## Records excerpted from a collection
=== Begin Enclosure ===
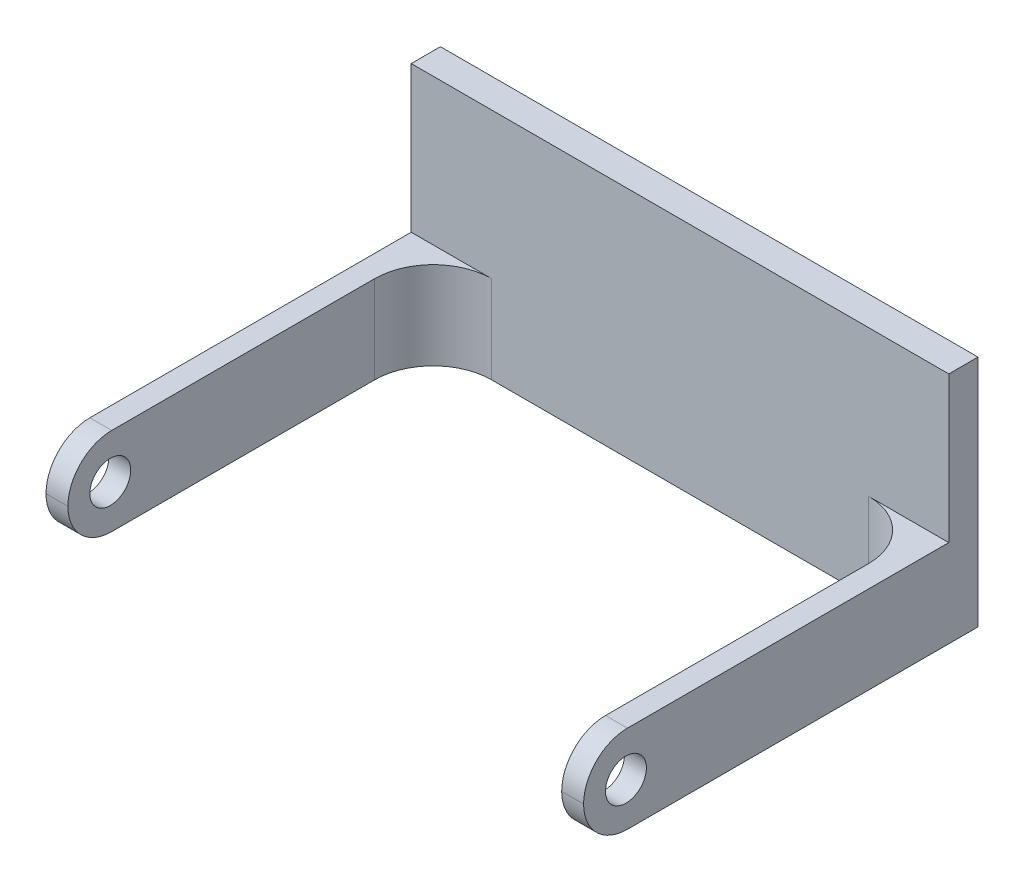
ISO-10303-21;
HEADER;
FILE_DESCRIPTION(('STEP AP214'),'2;1');
FILE_NAME('part.step','',(''),(''),'','','');
FILE_SCHEMA(('AUTOMOTIVE_DESIGN { 1 0 10303 214 1 1 1 1 }'));
ENDSEC;
DATA;
#1=APPLICATION_CONTEXT('core data for automotive mechanical design processes');
#2=APPLICATION_PROTOCOL_DEFINITION('international standard','automotive_design',2000,#1);
#3=PRODUCT_CONTEXT('',#1,'mechanical');
#4=PRODUCT('Part','Part','',(#3));
#5=PRODUCT_RELATED_PRODUCT_CATEGORY('part','',(#4));
#6=PRODUCT_DEFINITION_FORMATION('','',#4);
#7=PRODUCT_DEFINITION_CONTEXT('part definition',#1,'design');
#8=PRODUCT_DEFINITION('design','',#6,#7);
#9=PRODUCT_DEFINITION_SHAPE('','',#8);
#10=(LENGTH_UNIT() NAMED_UNIT(*) SI_UNIT(.MILLI.,.METRE.));
#11=(NAMED_UNIT(*) PLANE_ANGLE_UNIT() SI_UNIT($,.RADIAN.));
#12=(NAMED_UNIT(*) SI_UNIT($,.STERADIAN.) SOLID_ANGLE_UNIT());
#13=UNCERTAINTY_MEASURE_WITH_UNIT(LENGTH_MEASURE(1.E-05),#10,'distance_accuracy_value','');
#14=(GEOMETRIC_REPRESENTATION_CONTEXT(3) GLOBAL_UNCERTAINTY_ASSIGNED_CONTEXT((#13)) GLOBAL_UNIT_ASSIGNED_CONTEXT((#10,
#11,#12)) REPRESENTATION_CONTEXT('',''));
#15=CARTESIAN_POINT('',(0.,0.,0.));
#16=DIRECTION('',(0.,0.,1.));
#17=DIRECTION('',(1.,0.,0.));
#18=AXIS2_PLACEMENT_3D('',#15,#16,#17);
#19=CARTESIAN_POINT('',(-18.4,3.,2.));
#20=DIRECTION('',(0.,-1.,0.));
#21=DIRECTION('',(0.,0.,-1.));
#22=AXIS2_PLACEMENT_3D('',#19,#20,#21);
#23=PLANE('',#22);
#24=DIRECTION('',(1.,0.,0.));
#25=VECTOR('',#24,1.);
#26=CARTESIAN_POINT('',(-18.4,3.,2.));
#27=LINE('',#26,#25);
#28=CARTESIAN_POINT('',(-18.4,3.,2.));
#29=VERTEX_POINT('',#28);
#30=CARTESIAN_POINT('',(-12.9,3.,2.));
#31=VERTEX_POINT('',#30);
#32=EDGE_CURVE('E158',#29,#31,#27,.T.);
#33=ORIENTED_EDGE('',*,*,#32,.F.);
#34=DIRECTION('',(0.,0.,-1.));
#35=VECTOR('',#34,1.);
#36=CARTESIAN_POINT('',(-18.4,3.,2.));
#37=LINE('',#36,#35);
#38=CARTESIAN_POINT('',(-18.4,3.,24.));
#39=VERTEX_POINT('',#38);
#40=EDGE_CURVE('E164',#39,#29,#37,.T.);
#41=ORIENTED_EDGE('',*,*,#40,.F.);
#42=DIRECTION('',(-1.,0.,0.));
#43=VECTOR('',#42,1.);
#44=CARTESIAN_POINT('',(-16.9,3.,24.));
#45=LINE('',#44,#43);
#46=CARTESIAN_POINT('',(-16.9,3.,24.));
#47=VERTEX_POINT('',#46);
#48=EDGE_CURVE('E238',#39,#47,#45,.F.);
#49=ORIENTED_EDGE('',*,*,#48,.T.);
#50=DIRECTION('',(0.,0.,-1.));
#51=VECTOR('',#50,1.);
#52=CARTESIAN_POINT('',(-16.9,3.,27.));
#53=LINE('',#52,#51);
#54=CARTESIAN_POINT('',(-16.9,3.,6.));
#55=VERTEX_POINT('',#54);
#56=EDGE_CURVE('E209',#47,#55,#53,.T.);
#57=ORIENTED_EDGE('',*,*,#56,.T.);
#58=CARTESIAN_POINT('',(-12.9,3.,6.));
#59=DIRECTION('',(0.,-1.,0.));
#60=DIRECTION('',(0.,0.,-1.));
#61=AXIS2_PLACEMENT_3D('',#58,#59,#60);
#62=CIRCLE('',#61,4.);
#63=EDGE_CURVE('E42',#55,#31,#62,.T.);
#64=ORIENTED_EDGE('',*,*,#63,.T.);
#65=EDGE_LOOP('',(#33,#41,#49,#57,#64));
#66=FACE_BOUND('',#65,.T.);
#67=ADVANCED_FACE('F34',(#66),#23,.F.);
#68=CARTESIAN_POINT('',(12.9,3.,2.));
#69=VERTEX_POINT('',#68);
#70=CARTESIAN_POINT('',(18.4,3.,2.));
#71=VERTEX_POINT('',#70);
#72=EDGE_CURVE('E174',#69,#71,#27,.T.);
#73=ORIENTED_EDGE('',*,*,#72,.F.);
#74=CARTESIAN_POINT('',(12.9,3.,6.));
#75=DIRECTION('',(0.,-1.,0.));
#76=DIRECTION('',(0.,0.,-1.));
#77=AXIS2_PLACEMENT_3D('',#74,#75,#76);
#78=CIRCLE('',#77,4.);
#79=CARTESIAN_POINT('',(16.9,3.,6.));
#80=VERTEX_POINT('',#79);
#81=EDGE_CURVE('E323',#69,#80,#78,.T.);
#82=ORIENTED_EDGE('',*,*,#81,.T.);
#83=DIRECTION('',(0.,0.,-1.));
#84=VECTOR('',#83,1.);
#85=CARTESIAN_POINT('',(16.9,3.,27.));
#86=LINE('',#85,#84);
#87=CARTESIAN_POINT('',(16.9,3.,24.));
#88=VERTEX_POINT('',#87);
#89=EDGE_CURVE('E212',#88,#80,#86,.T.);
#90=ORIENTED_EDGE('',*,*,#89,.F.);
#91=DIRECTION('',(-1.,0.,0.));
#92=VECTOR('',#91,1.);
#93=CARTESIAN_POINT('',(-18.4,3.,24.));
#94=LINE('',#93,#92);
#95=CARTESIAN_POINT('',(18.4,3.,24.));
#96=VERTEX_POINT('',#95);
#97=EDGE_CURVE('E236',#88,#96,#94,.F.);
#98=ORIENTED_EDGE('',*,*,#97,.T.);
#99=DIRECTION('',(0.,0.,-1.));
#100=VECTOR('',#99,1.);
#101=CARTESIAN_POINT('',(18.4,3.,2.));
#102=LINE('',#101,#100);
#103=EDGE_CURVE('E201',#96,#71,#102,.T.);
#104=ORIENTED_EDGE('',*,*,#103,.T.);
#105=EDGE_LOOP('',(#73,#82,#90,#98,#104));
#106=FACE_BOUND('',#105,.T.);
#107=ADVANCED_FACE('F285',(#106),#23,.F.);
#108=CARTESIAN_POINT('',(0.,0.,2.));
#109=DIRECTION('',(0.,0.,-1.));
#110=DIRECTION('',(-1.,0.,0.));
#111=AXIS2_PLACEMENT_3D('',#108,#109,#110);
#112=PLANE('',#111);
#113=DIRECTION('',(1.,0.,0.));
#114=VECTOR('',#113,1.);
#115=CARTESIAN_POINT('',(-18.4,-3.,2.));
#116=LINE('',#115,#114);
#117=CARTESIAN_POINT('',(-12.9,-3.,2.));
#118=VERTEX_POINT('',#117);
#119=CARTESIAN_POINT('',(12.9,-3.,2.));
#120=VERTEX_POINT('',#119);
#121=EDGE_CURVE('E190',#118,#120,#116,.T.);
#122=ORIENTED_EDGE('',*,*,#121,.T.);
#123=DIRECTION('',(0.,-1.,0.));
#124=VECTOR('',#123,1.);
#125=CARTESIAN_POINT('',(12.9,3.,2.));
#126=LINE('',#125,#124);
#127=EDGE_CURVE('E325',#120,#69,#126,.F.);
#128=ORIENTED_EDGE('',*,*,#127,.T.);
#129=ORIENTED_EDGE('',*,*,#72,.T.);
#130=DIRECTION('',(0.,-1.,0.));
#131=VECTOR('',#130,1.);
#132=CARTESIAN_POINT('',(18.4,13.,2.));
#133=LINE('',#132,#131);
#134=CARTESIAN_POINT('',(18.4,13.,2.));
#135=VERTEX_POINT('',#134);
#136=EDGE_CURVE('E144',#135,#71,#133,.T.);
#137=ORIENTED_EDGE('',*,*,#136,.F.);
#138=DIRECTION('',(1.,0.,0.));
#139=VECTOR('',#138,1.);
#140=CARTESIAN_POINT('',(-18.4,13.,2.));
#141=LINE('',#140,#139);
#142=CARTESIAN_POINT('',(-18.4,13.,2.));
#143=VERTEX_POINT('',#142);
#144=EDGE_CURVE('E136',#143,#135,#141,.T.);
#145=ORIENTED_EDGE('',*,*,#144,.F.);
#146=DIRECTION('',(0.,-1.,0.));
#147=VECTOR('',#146,1.);
#148=CARTESIAN_POINT('',(-18.4,13.,2.));
#149=LINE('',#148,#147);
#150=EDGE_CURVE('E141',#143,#29,#149,.T.);
#151=ORIENTED_EDGE('',*,*,#150,.T.);
#152=ORIENTED_EDGE('',*,*,#32,.T.);
#153=DIRECTION('',(0.,1.,0.));
#154=VECTOR('',#153,1.);
#155=CARTESIAN_POINT('',(-12.9,-3.,2.));
#156=LINE('',#155,#154);
#157=EDGE_CURVE('E246',#31,#118,#156,.F.);
#158=ORIENTED_EDGE('',*,*,#157,.T.);
#159=EDGE_LOOP('',(#122,#128,#129,#137,#145,#151,#152,#158));
#160=FACE_BOUND('',#159,.T.);
#161=ADVANCED_FACE('F139',(#160),#112,.F.);
#162=CARTESIAN_POINT('',(18.4,-3.,2.));
#163=DIRECTION('',(-1.,0.,0.));
#164=DIRECTION('',(0.,0.,1.));
#165=AXIS2_PLACEMENT_3D('',#162,#163,#164);
#166=PLANE('',#165);
#167=CARTESIAN_POINT('',(18.4,0.,24.1));
#168=DIRECTION('',(1.,0.,0.));
#169=DIRECTION('',(0.,0.,-1.));
#170=AXIS2_PLACEMENT_3D('',#167,#168,#169);
#171=CIRCLE('',#170,1.4);
#172=CARTESIAN_POINT('',(18.4,0.,22.7));
#173=VERTEX_POINT('',#172);
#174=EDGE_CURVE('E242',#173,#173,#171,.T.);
=== End Enclosure ===
## What you should do
Above are the records; repeat exactly the lines from the one holding "#118=VERTEX_POINT('',#117);" down to the one holding "#157=EDGE_CURVE('E246',#31,#118,#156,.F.);", end lines included.

## Task solution
#118=VERTEX_POINT('',#117);
#119=CARTESIAN_POINT('',(12.9,-3.,2.));
#120=VERTEX_POINT('',#119);
#121=EDGE_CURVE('E190',#118,#120,#116,.T.);
#122=ORIENTED_EDGE('',*,*,#121,.T.);
#123=DIRECTION('',(0.,-1.,0.));
#124=VECTOR('',#123,1.);
#125=CARTESIAN_POINT('',(12.9,3.,2.));
#126=LINE('',#125,#124);
#127=EDGE_CURVE('E325',#120,#69,#126,.F.);
#128=ORIENTED_EDGE('',*,*,#127,.T.);
#129=ORIENTED_EDGE('',*,*,#72,.T.);
#130=DIRECTION('',(0.,-1.,0.));
#131=VECTOR('',#130,1.);
#132=CARTESIAN_POINT('',(18.4,13.,2.));
#133=LINE('',#132,#131);
#134=CARTESIAN_POINT('',(18.4,13.,2.));
#135=VERTEX_POINT('',#134);
#136=EDGE_CURVE('E144',#135,#71,#133,.T.);
#137=ORIENTED_EDGE('',*,*,#136,.F.);
#138=DIRECTION('',(1.,0.,0.));
#139=VECTOR('',#138,1.);
#140=CARTESIAN_POINT('',(-18.4,13.,2.));
#141=LINE('',#140,#139);
#142=CARTESIAN_POINT('',(-18.4,13.,2.));
#143=VERTEX_POINT('',#142);
#144=EDGE_CURVE('E136',#143,#135,#141,.T.);
#145=ORIENTED_EDGE('',*,*,#144,.F.);
#146=DIRECTION('',(0.,-1.,0.));
#147=VECTOR('',#146,1.);
#148=CARTESIAN_POINT('',(-18.4,13.,2.));
#149=LINE('',#148,#147);
#150=EDGE_CURVE('E141',#143,#29,#149,.T.);
#151=ORIENTED_EDGE('',*,*,#150,.T.);
#152=ORIENTED_EDGE('',*,*,#32,.T.);
#153=DIRECTION('',(0.,1.,0.));
#154=VECTOR('',#153,1.);
#155=CARTESIAN_POINT('',(-12.9,-3.,2.));
#156=LINE('',#155,#154);
#157=EDGE_CURVE('E246',#31,#118,#156,.F.);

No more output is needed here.